# GPUZ 2.45.0 causes BSODs



## red-ray (Apr 10, 2022)

When I run GPUZ 2.45.0 it causes a BSOD as it's starting. Windows minidump attached. Please can this be fixed?


----------



## ThrashZone (Apr 10, 2022)

Hi,
At what point does it cause bsod 
It opens just fine I use the rog themed





Ran the render test for a little while to.


----------



## W1zzard (Apr 10, 2022)

What's the system configuration?


----------



## red-ray (Apr 10, 2022)

W1zzard said:


> What's the system configuration?


Most of what you need should be in the .DMP + .TXT files, the GPU was an *S3 Trio 3D/2X* and attached should tell you the rest.

I might be able to tell more in I had the driver .SYS + .PDB files.

Update: When I changed the GPU to a *GeFore FX 5200* there was not a BSOD so it seems the trigger is the *S3 Trio 3D/2X*.

Confirmed: with the *S3 Trio 3D/2X* installed GPUZ causes a BSOD on start-up every time.

Looking at the new dump things are clearer, but I need the .PDB to tell more.

Looking at https://www.felixcloutier.com/x86/movd:movq then the *movq xmm0* is SSE2 which is not present on these CPUs. I suspect the sensible solution is to build a new driver that does not use SSE2

After reading https://docs.microsoft.com/en-us/wi...l/using-floating-point-or-mmx-in-a-wdm-driver then I wonder if the GPUZ driver does this, does it?

The full kernel .DMP is 15 MB when zipped and it won't let me upload it.


----------



## Assimilator (Apr 10, 2022)

Why are you trying to run a piece of software written in 2022 against an OS released in 2003, a CPU released in 2001 that does not support SSE2, and a GPU originally released in NINETEEN NINETY SIX?

Just... what?


----------



## pavle (Apr 10, 2022)

One could argue that S3Trio isn't a GPU, but there should not be blue-screens with this fine program.


----------



## red-ray (Apr 10, 2022)

pavle said:


> One could argue that S3Trio isn't a GPU, but there should not be blue-screens with this fine program.



Precisely, any program that triggers a BSOD on any system should be fixed. It's not just the S3Trio that triggers this, an NVidia NV17 [GeForce4 MX 440] also does. Does it count as a GPU?


----------



## Nike_486DX (Apr 10, 2022)

red-ray said:


> Precisely, any program that triggers a BSOD on any system should be fixed. It's not just the S3Trio that triggers this, an NVidia NV17 [GeForce4 MX 440] also does. Does it count as a GPU?

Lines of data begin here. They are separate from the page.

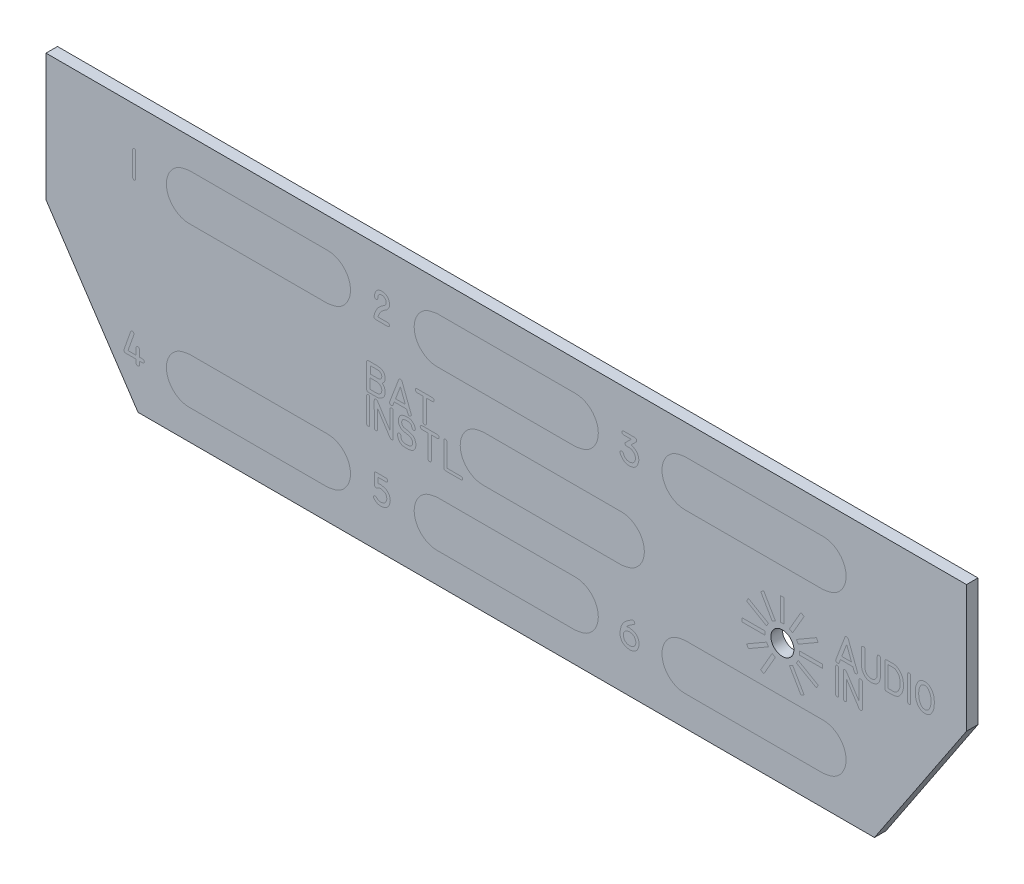
SolidWorks part; units mm, degrees
ref_plane "Front Plane" through (0, 0, 0) normal (0, 0, 1) x (1, 0, 0)
ref_plane "Top Plane" through (0, 0, 0) normal (0, 1, 0) x (1, 0, 0)
ref_plane "Right Plane" through (0, 0, 0) normal (1, 0, 0) x (0, 0, -1)
sketch "Sketch1" plane through (0, 0, 0) normal (0, 0, 1) x (1, 0, 0)
  line L12 (22.225, 2.286) -> (123.825, 2.286)
  line L13 (123.825, 2.286) -> (136.525, 21.336)
  line L14 (136.525, 21.336) -> (136.525, 38.862)
  line L15 (136.525, 38.862) -> (9.525, 38.862)
  line L16 (9.525, 38.862) -> (9.525, 21.336)
  line L17 (9.525, 21.336) -> (22.225, 2.286)
extrude "Boss-Extrude1" add sketch "Sketch1" along normal blind 1.5875
sketch "Sketch2" plane through (0, 0, 1.5875) normal (0, 0, 1) x (1, 0, 0)
  line L0 (73.025, 38.862) -> (73.025, 31.5468) construction
  line L1 (136.525, 38.862) -> (9.525, 38.862) construction
  line L2 (73.025, 31.5468) -> (73.025, 24.2316) construction
  line L3 (73.025, 24.2316) -> (73.025, 16.9164) construction
  line L4 (73.025, 16.9164) -> (73.025, 9.6012) construction
  line L5 (73.025, 9.6012) -> (73.025, 2.286) construction
  line L6 (22.225, 2.286) -> (123.825, 2.286) construction
  line L7 (63.5, 9.6012) -> (82.55, 9.6012) construction
  line L8 (63.5, 12.7762) -> (82.55, 12.7762)
  line L9 (63.5, 6.4262) -> (82.55, 6.4262)
  line L10 (63.5, 31.5468) -> (82.55, 31.5468) construction
  line L11 (63.5, 34.7218) -> (82.55, 34.7218)
  line L12 (63.5, 28.3718) -> (82.55, 28.3718)
  line L13 (60.325, 9.6012) -> (17.3482, 9.6012) construction
  line L14 (9.525, 21.336) -> (22.225, 2.286) construction
  line L15 (29.3116, 9.6012) -> (48.3616, 9.6012) construction
  line L16 (29.3116, 12.7762) -> (48.3616, 12.7762)
  line L17 (29.3116, 6.4262) -> (48.3616, 6.4262)
  line L18 (60.325, 31.5468) -> (9.525, 31.5468) construction
  line L19 (9.525, 38.862) -> (9.525, 21.336) construction
  line L20 (29.3116, 31.5468) -> (48.3616, 31.5468) construction
  line L21 (29.3116, 34.7218) -> (48.3616, 34.7218)
  line L22 (29.3116, 28.3718) -> (48.3616, 28.3718)
  line L23 (73.025, 20.574) -> (79.375, 20.574) construction
  line L24 (88.9, 20.574) -> (69.85, 20.574) construction
  line L25 (88.9, 17.399) -> (69.85, 17.399)
  line L26 (88.9, 23.749) -> (69.85, 23.749)
  line L27 (116.7384, 31.5468) -> (97.6884, 31.5468) construction
  line L28 (116.7384, 34.7218) -> (97.6884, 34.7218)
  line L29 (116.7384, 28.3718) -> (97.6884, 28.3718)
  line L30 (116.7384, 9.6012) -> (97.6884, 9.6012) construction
  line L31 (116.7384, 12.7762) -> (97.6884, 12.7762)
  line L32 (116.7384, 6.4262) -> (97.6884, 6.4262)
  line L33 (21.7424, 31.5468) -> (21.7424, 29.7688) construction
  line L34 (19.3612, 29.7688) -> (24.1237, 29.7688) construction
  line L35 (48.3616, 28.3718) -> (63.5, 28.3718) construction
  line L36 (55.9308, 28.3718) -> (55.9308, 29.7688) construction
  line L37 (53.5496, 29.7688) -> (58.3121, 29.7688) construction
  line L38 (82.55, 28.3718) -> (97.6884, 28.3718) construction
  line L39 (90.1192, 28.3718) -> (90.1192, 29.7688) construction
  line L40 (87.738, 29.7688) -> (92.5005, 29.7688) construction
  line L41 (19.3612, 7.8232) -> (24.1237, 7.8232) construction
  line L42 (53.5496, 7.8232) -> (58.3121, 7.8232) construction
  line L43 (92.5005, 7.8232) -> (87.738, 7.8232) construction
  line L44 (53.5496, 22.352) -> (53.5496, 16.51) construction
  line L45 (53.5496, 20.574) -> (65.0729, 20.574) construction
  line L46 (53.5496, 16.51) -> (65.0729, 16.51) construction
  line L47 (111.125, 21.5447) -> (111.125, 24.7197) construction
  line L48 (111.379, 21.5447) -> (111.379, 24.7197)
  line L49 (110.871, 21.5447) -> (110.871, 24.7197)
  line L50 (111.379, 21.5447) -> (110.871, 21.5447)
  line L51 (111.379, 24.7197) -> (110.871, 24.7197)
  line L52 (112.5356, 21.0986) -> (114.1231, 23.8483)
  line L53 (112.0957, 21.3526) -> (113.6832, 24.1023)
  line L54 (112.5356, 21.0986) -> (112.0957, 21.3526)
  line L55 (114.1231, 23.8483) -> (113.6832, 24.1023)
  line L56 (113.3142, 20.1341) -> (116.0639, 21.7216)
  line L57 (113.0602, 20.574) -> (115.8099, 22.1615)
  line L58 (113.3142, 20.1341) -> (113.0602, 20.574)
  line L59 (116.0639, 21.7216) -> (115.8099, 22.1615)
  line L60 (113.5063, 18.9094) -> (116.6813, 18.9094)
  line L61 (113.5063, 19.4174) -> (116.6813, 19.4174)
  line L62 (113.5063, 18.9094) -> (113.5063, 19.4174)
  line L63 (116.6813, 18.9094) -> (116.6813, 19.4174)
  line L64 (113.0602, 17.7528) -> (115.8099, 16.1653)
  line L65 (113.3142, 18.1928) -> (116.0639, 16.6053)
  line L66 (113.0602, 17.7528) -> (113.3142, 18.1928)
  line L67 (115.8099, 16.1653) -> (116.0639, 16.6053)
  line L68 (112.0957, 16.9742) -> (113.6832, 14.2246)
  line L69 (112.5356, 17.2282) -> (114.1231, 14.4786)
  line L70 (112.0957, 16.9742) -> (112.5356, 17.2282)
  line L71 (113.6832, 14.2246) -> (114.1231, 14.4786)
  line L72 (110.871, 16.7822) -> (110.871, 13.6072) [skipped]
  line L73 (111.379, 16.7822) -> (111.379, 13.6072) [skipped]
  line L74 (110.871, 16.7822) -> (111.379, 16.7822) [skipped]
  line L75 (110.871, 13.6072) -> (111.379, 13.6072) [skipped]
  line L76 (109.7144, 17.2282) -> (108.1269, 14.4786)
  line L77 (110.1543, 16.9742) -> (108.5668, 14.2246)
  line L78 (109.7144, 17.2282) -> (110.1543, 16.9742)
  line L79 (108.1269, 14.4786) -> (108.5668, 14.2246)
  line L80 (108.9358, 18.1928) -> (106.1861, 16.6053)
  line L81 (109.1898, 17.7528) -> (106.4401, 16.1653)
  line L82 (108.9358, 18.1928) -> (109.1898, 17.7528)
  line L83 (106.1861, 16.6053) -> (106.4401, 16.1653)
  line L84 (108.7438, 19.4174) -> (105.5688, 19.4174)
  line L85 (108.7438, 18.9094) -> (105.5688, 18.9094)
  line L86 (108.7438, 19.4174) -> (108.7438, 18.9094)
  line L87 (105.5688, 19.4174) -> (105.5688, 18.9094)
  line L88 (109.1898, 20.574) -> (106.4401, 22.1615)
  line L89 (108.9358, 20.1341) -> (106.1861, 21.7216)
  line L90 (109.1898, 20.574) -> (108.9358, 20.1341)
  line L91 (106.4401, 22.1615) -> (106.1861, 21.7216)
  line L92 (110.1543, 21.3526) -> (108.5668, 24.1023)
  line L93 (109.7144, 21.0986) -> (108.1269, 23.8483)
  line L94 (110.1543, 21.3526) -> (109.7144, 21.0986)
  line L95 (108.5668, 24.1023) -> (108.1269, 23.8483)
  line L96 (118.2688, 21.8168) -> (118.2688, 16.51) construction
  line L97 (118.2688, 19.1634) -> (116.6813, 19.1634) construction
  line L98 (118.2688, 16.51) -> (131.5548, 16.51) construction
  line L99 (118.2688, 20.574) -> (133.3905, 20.574) construction
  arc A0 (63.5, 12.7762) -> (63.5, 6.4262) centre (63.5, 9.6012) ccw
  arc A1 (82.55, 6.4262) -> (82.55, 12.7762) centre (82.55, 9.6012) ccw
  arc A2 (63.5, 34.7218) -> (63.5, 28.3718) centre (63.5, 31.5468) ccw
  arc A3 (82.55, 28.3718) -> (82.55, 34.7218) centre (82.55, 31.5468) ccw
  arc A4 (29.3116, 12.7762) -> (29.3116, 6.4262) centre (29.3116, 9.6012) ccw
  arc A5 (48.3616, 6.4262) -> (48.3616, 12.7762) centre (48.3616, 9.6012) ccw
  arc A6 (29.3116, 34.7218) -> (29.3116, 28.3718) centre (29.3116, 31.5468) ccw
  arc A7 (48.3616, 28.3718) -> (48.3616, 34.7218) centre (48.3616, 31.5468) ccw
  arc A8 (88.9, 17.399) -> (88.9, 23.749) centre (88.9, 20.574) ccw
  arc A9 (69.85, 23.749) -> (69.85, 17.399) centre (69.85, 20.574) ccw
  arc A10 (116.7384, 34.7218) -> (116.7384, 28.3718) centre (116.7384, 31.5468) cw
  arc A11 (97.6884, 28.3718) -> (97.6884, 34.7218) centre (97.6884, 31.5468) cw
  arc A12 (116.7384, 12.7762) -> (116.7384, 6.4262) centre (116.7384, 9.6012) cw
  arc A13 (97.6884, 6.4262) -> (97.6884, 12.7762) centre (97.6884, 9.6012) cw
  circle A14 centre (111.125, 19.1634) radius 2.3813 construction
  text T0 "2"
  text T1 "1"
  text T2 "3"
  text T3 "4"
  text T4 "5"
  text T5 "6"
  text T6 "BAT"
  text T7 "INSTL"
  text T8 "AUDIO"
  text T9 "IN"
  point P12 (73.025, 9.6012)
  point P19 (73.025, 31.5468)
  point P30 (38.8366, 9.6012)
  point P41 (38.8366, 31.5468)
  point P50 (79.375, 20.574)
  point P57 (107.2134, 31.5468)
  point P64 (107.2134, 9.6012)
  point P74 (21.7424, 29.7688)
  point P80 (55.9308, 29.7688)
  point P89 (90.1192, 29.7688)
  point P157 (111.125, 19.1634)
  point P162 (131.5548, 16.51)
  point P165 (112.3026, 20.4814)
  point P166 (112.0878, 19.7815)
  point P167 (0, 0)
  dimension "D11" = 4.7625
  dimension "D1" = 19.05
  dimension "D2" = 6.35
  dimension "D3" = 6.35
  dimension "D4" = 4.7625
  dimension "D5" = 7.5692
  dimension "D6" = 1.778
  dimension "D7" = 7.5692
  dimension "D8" = 1.778
  dimension "D9" = 4.064
  dimension "D10" = 1.778
  dimension "D16" = 1.5875
  dimension "D12" = 22.225
  dimension "D17" = 3.175
  dimension "D13" = 0.254
  dimension "D14" = 0.254
  dimension "D15" = 12
wrap "Wrap3" sketch "Sketch2" wrap type scribe source sketch "Sketch2"
sketch "Sketch3" plane through (0, 0, 1.5875) normal (0, 0, 1) x (1, 0, 0)
  line L0 (112.3156, 17.1012) -> (109.9344, 21.2256) construction
  line L1 (112.0957, 16.9742) -> (112.5356, 17.2282) construction
  line L2 (110.1543, 21.3526) -> (109.7144, 21.0986) construction
  circle A0 centre (111.125, 19.1634) radius 1.5875
  dimension "D1" = 3.175
extrude "Cut-Extrude1" cut sketch "Sketch3" against normal up to next
equation "\"D5@Sketch2\"=\"D7@Sketch2\""
equation "\"D8@Sketch2\"=\"D6@Sketch2\""

But what if that fix would compromise stability on newer platforms like Win10/11? Its not that i like these (actually using win7 + i9 7900x setup atm), but win XP definitely is getting long in the tooth so to speak. For retro hardware i usually pick retro software, but for something like MX4 which doesnt support DirectX 9.0c at all (dx 8 and 9 is what win xp is good for, gaming wise). For dx7 win98 se would be better choice (btw it also runs dos natively so it could be a neat opportunity to combine retro dos and windows gaming in one place).


----------



## red-ray (Apr 10, 2022)

Nike_486DX said:


> But what if that fix would compromise stability on newer platforms like Win10/11?



This is something that only the GPUZ developer can answer. There is no way it can compromise W11 as there is no x32 W11 release.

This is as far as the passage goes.